▶ TASK INPUTS
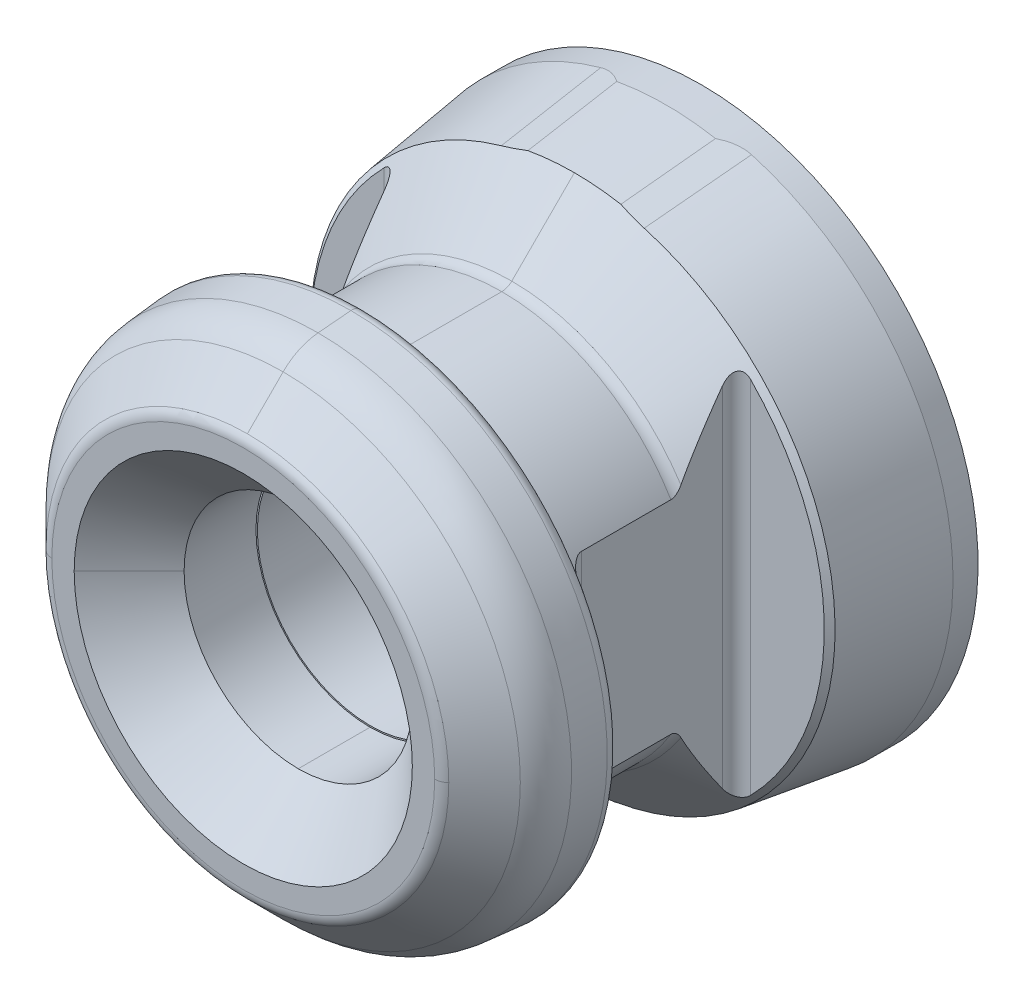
ISO-10303-21;
HEADER;
FILE_DESCRIPTION(('STEP AP214'),'2;1');
FILE_NAME('part.step','',(''),(''),'','','');
FILE_SCHEMA(('AUTOMOTIVE_DESIGN { 1 0 10303 214 1 1 1 1 }'));
ENDSEC;
DATA;
#1=APPLICATION_CONTEXT('core data for automotive mechanical design processes');
#2=APPLICATION_PROTOCOL_DEFINITION('international standard','automotive_design',2000,#1);
#3=PRODUCT_CONTEXT('',#1,'mechanical');
#4=PRODUCT('Part','Part','',(#3));
#5=PRODUCT_RELATED_PRODUCT_CATEGORY('part','',(#4));
#6=PRODUCT_DEFINITION_FORMATION('','',#4);
#7=PRODUCT_DEFINITION_CONTEXT('part definition',#1,'design');
#8=PRODUCT_DEFINITION('design','',#6,#7);
#9=PRODUCT_DEFINITION_SHAPE('','',#8);
#10=(LENGTH_UNIT() NAMED_UNIT(*) SI_UNIT(.MILLI.,.METRE.));
#11=(NAMED_UNIT(*) PLANE_ANGLE_UNIT() SI_UNIT($,.RADIAN.));
#12=(NAMED_UNIT(*) SI_UNIT($,.STERADIAN.) SOLID_ANGLE_UNIT());
#13=UNCERTAINTY_MEASURE_WITH_UNIT(LENGTH_MEASURE(1.E-05),#10,'distance_accuracy_value','');
#14=(GEOMETRIC_REPRESENTATION_CONTEXT(3) GLOBAL_UNCERTAINTY_ASSIGNED_CONTEXT((#13)) GLOBAL_UNIT_ASSIGNED_CONTEXT((#10,
#11,#12)) REPRESENTATION_CONTEXT('',''));
#15=CARTESIAN_POINT('',(0.,0.,0.));
#16=DIRECTION('',(0.,0.,1.));
#17=DIRECTION('',(1.,0.,0.));
#18=AXIS2_PLACEMENT_3D('',#15,#16,#17);
#19=CARTESIAN_POINT('',(0.,0.,0.));
#20=DIRECTION('',(0.,0.,-1.));
#21=DIRECTION('',(0.,-1.,0.));
#22=AXIS2_PLACEMENT_3D('',#19,#20,#21);
#23=CONICAL_SURFACE('',#22,16.,1.0471975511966);
#24=CARTESIAN_POINT('',(0.,0.,0.5));
#25=DIRECTION('',(0.,0.,-1.));
#26=DIRECTION('',(0.,-1.,0.));
#27=AXIS2_PLACEMENT_3D('',#24,#25,#26);
#28=CIRCLE('',#27,15.1339745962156);
#29=CARTESIAN_POINT('',(15.0823339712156,-1.24915533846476,0.5));
#30=VERTEX_POINT('',#29);
#31=CARTESIAN_POINT('',(0.,-15.1339745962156,0.5));
#32=VERTEX_POINT('',#31);
#33=EDGE_CURVE('E327',#30,#32,#28,.T.);
#34=ORIENTED_EDGE('',*,*,#33,.F.);
#35=CARTESIAN_POINT('',(15.082006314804,-1.24891456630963,0.5002));
#36=CARTESIAN_POINT('',(15.1632915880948,-1.30866825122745,0.450560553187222));
#37=CARTESIAN_POINT('',(15.2493311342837,-1.35969394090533,0.398486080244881));
#38=CARTESIAN_POINT('',(15.4261644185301,-1.44310692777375,0.292443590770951));
#39=CARTESIAN_POINT('',(15.516822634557,-1.4758586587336,0.238537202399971));
#40=CARTESIAN_POINT('',(15.6607649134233,-1.51335898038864,0.153739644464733));
#41=CARTESIAN_POINT('',(15.7128036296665,-1.52408521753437,0.123237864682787));
#42=CARTESIAN_POINT('',(15.8182473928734,-1.54023968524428,0.0617432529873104));
#43=CARTESIAN_POINT('',(15.871661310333,-1.54560415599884,0.0307488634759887));
#44=CARTESIAN_POINT('',(15.9252682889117,-1.54819739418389,-0.000200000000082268));
#45=B_SPLINE_CURVE_WITH_KNOTS('',3,(#35,#36,#37,#38,#39,#40,#41,#42,#43,#44),.UNSPECIFIED.,.F.,
.F.,(4,2,2,2,4),(0.,0.336717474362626,0.666455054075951,0.850038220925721,1.03577939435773),.UNSPECIFIED.);
#46=CARTESIAN_POINT('',(15.924921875,-1.54818063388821,0.));
#47=VERTEX_POINT('',#46);
#48=EDGE_CURVE('E28',#30,#47,#45,.T.);
#49=ORIENTED_EDGE('',*,*,#48,.T.);
#50=CARTESIAN_POINT('',(0.,0.,0.));
#51=DIRECTION('',(0.,0.,-1.));
#52=DIRECTION('',(0.,-1.,0.));
#53=AXIS2_PLACEMENT_3D('',#50,#51,#52);
#54=CIRCLE('',#53,16.);
#55=CARTESIAN_POINT('',(0.,-16.,0.));
#56=VERTEX_POINT('',#55);
#57=EDGE_CURVE('E325',#56,#47,#54,.F.);
#58=ORIENTED_EDGE('',*,*,#57,.F.);
#59=DIRECTION('',(0.,0.866025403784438,0.5));
#60=VECTOR('',#59,1.);
#61=CARTESIAN_POINT('',(0.,-16.,0.));
#62=LINE('',#61,#60);
#63=EDGE_CURVE('E337',#56,#32,#62,.T.);
#64=ORIENTED_EDGE('',*,*,#63,.T.);
#65=EDGE_LOOP('',(#34,#49,#58,#64));
#66=FACE_BOUND('',#65,.T.);
#67=ADVANCED_FACE('F14',(#66),#23,.F.);
#68=CARTESIAN_POINT('',(3.72354237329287,-22.9898449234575,16.0184965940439));
#69=DIRECTION('',(-0.987136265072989,-0.159881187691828,0.));
#70=DIRECTION('',(0.159881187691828,-0.987136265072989,0.));
#71=AXIS2_PLACEMENT_3D('',#68,#69,#70);
#72=PLANE('',#71);
#73=DIRECTION('',(0.,0.,1.));
#74=VECTOR('',#73,1.);
#75=CARTESIAN_POINT('',(3.14166533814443,-19.3972276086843,37.861773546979));
#76=LINE('',#75,#74);
#77=CARTESIAN_POINT('',(3.14166533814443,-19.3972276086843,1.77884243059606));
#78=VERTEX_POINT('',#77);
#79=CARTESIAN_POINT('',(3.14166533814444,-19.3972276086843,2.49037940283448));
#80=VERTEX_POINT('',#79);
#81=EDGE_CURVE('E1720',#78,#80,#76,.T.);
#82=ORIENTED_EDGE('',*,*,#81,.F.);
#83=DIRECTION('',(-0.0222511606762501,0.137382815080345,0.99026806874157));
#84=VECTOR('',#83,1.);
#85=CARTESIAN_POINT('',(3.18163563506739,-19.6440116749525,0.));
#86=LINE('',#85,#84);
#87=CARTESIAN_POINT('',(2.97679269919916,-18.3792731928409,9.11635224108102));
#88=VERTEX_POINT('',#87);
#89=EDGE_CURVE('E582',#88,#78,#86,.F.);
#90=ORIENTED_EDGE('',*,*,#89,.F.);
#91=DIRECTION('',(-0.113053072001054,0.698010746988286,0.707106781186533));
#92=VECTOR('',#91,1.);
#93=CARTESIAN_POINT('',(2.99539523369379,-18.4941287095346,9.));
#94=LINE('',#93,#92);
#95=CARTESIAN_POINT('',(2.9953952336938,-18.4941287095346,9.));
#96=VERTEX_POINT('',#95);
#97=EDGE_CURVE('E566',#96,#88,#94,.T.);
#98=ORIENTED_EDGE('',*,*,#97,.F.);
#99=DIRECTION('',(-0.0222511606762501,0.137382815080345,0.99026806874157));
#100=VECTOR('',#99,1.);
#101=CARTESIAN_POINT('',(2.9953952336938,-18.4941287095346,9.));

▶ YOUR GOAL
In the material above, find every line that has the string "UNSPECIFIED" and pull those lines out.

▶ REPLY TO THE EXERCISE
#45=B_SPLINE_CURVE_WITH_KNOTS('',3,(#35,#36,#37,#38,#39,#40,#41,#42,#43,#44),.UNSPECIFIED.,.F.,
.F.,(4,2,2,2,4),(0.,0.336717474362626,0.666455054075951,0.850038220925721,1.03577939435773),.UNSPECIFIED.);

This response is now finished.